*** Opening Data for this task ***
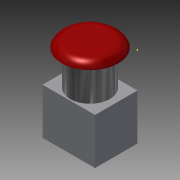
# Autodesk Inventor part: Button
Saved by Autodesk Inventor 2014 SP1 (Build 180222100, 222)
## iProperties
Created: 2014-11-19
Part Number: Button
Material: Generic
Document SubType Name: Modeling
Designer: AlecShufelt
Density: 1 g/cm^3
Appearance: Default
Author: AlecShufelt
Autodesk Inventor part; units mm, degrees
ref_plane "YZ Plane" through (0, 0, 0) normal (1, 0, 0) x (0, 1, 0)
ref_plane "XZ Plane" through (0, 0, 0) normal (0, 1, 0) x (-1, 0, 0)
ref_plane "XY Plane" through (0, 0, 0) normal (0, 0, 1) x (1, 0, 0)
sketch "Sketch1" plane through (0, 0, 0) normal (0, 1, 0) x (-1, 0, 0)
  line L0 (0, 0) -> (36.957, 0)
  line L1 (36.957, 0) -> (36.957, 29.8958)
  line L2 (36.957, 29.8958) -> (0, 29.8958)
  line L3 (0, 29.8958) -> (0, 0)
  dimension "d0" = 36.957
  dimension "d1" = 29.8958
  constraints: 8 end point, 2 parallel, 1 horizontal, 1 perpendicular
  measures "d0" distance of L2.end L1.end
  measures "d1" distance of L0.end L1.end
extrude "Extrusion1" add sketch "Sketch1" along normal blind 32.3596
sketch "Sketch2" plane through (0, 32.3596, 0) normal (0, 1, 0) x (1, 0, 0)
  circle A0 centre (-18.4785, -14.9479) radius 13.97
  dimension "d4" = 27.94
  constraints: 1 centre point
  measures "d4" diameter of A0
extrude "Extrusion2" add sketch "Sketch2" along normal blind 24.6634
sketch "Sketch3" plane through (-18.4785, 57.023, 14.9479) normal (0, 1, 0) x (1, 0, 0)
  circle A0 centre (0, 0) radius 13.97 projected
  point P0 (18.4785, 14.9479)
sketch "Sketch4" plane through (-18.4785, 57.023, 14.9479) normal (0, 1, 0) x (1, 0, 0)
  circle A0 centre (0, 0) radius 13.97 projected
  circle A1 centre (0, 0) radius 19.8628
  point P0 (18.4785, 14.9479)
  dimension "d7" = 39.7256
  constraints: 1 centre point, 1 coincident
  measures "d7" diameter of A1
extrude "Extrusion3" add sketch "Sketch4" along normal blind 4.7498 contours A0 | A1
fillet "Fillet1" radius 7.62 1 edges at (-38.3413, 61.7728, 14.9479)
body "Solid1"
*** Closing Data for this task ***
**Required action:**
Going through the data above, count the lines where the string "centre" appears, and answer with only that number.

**Solution to this problem:**
6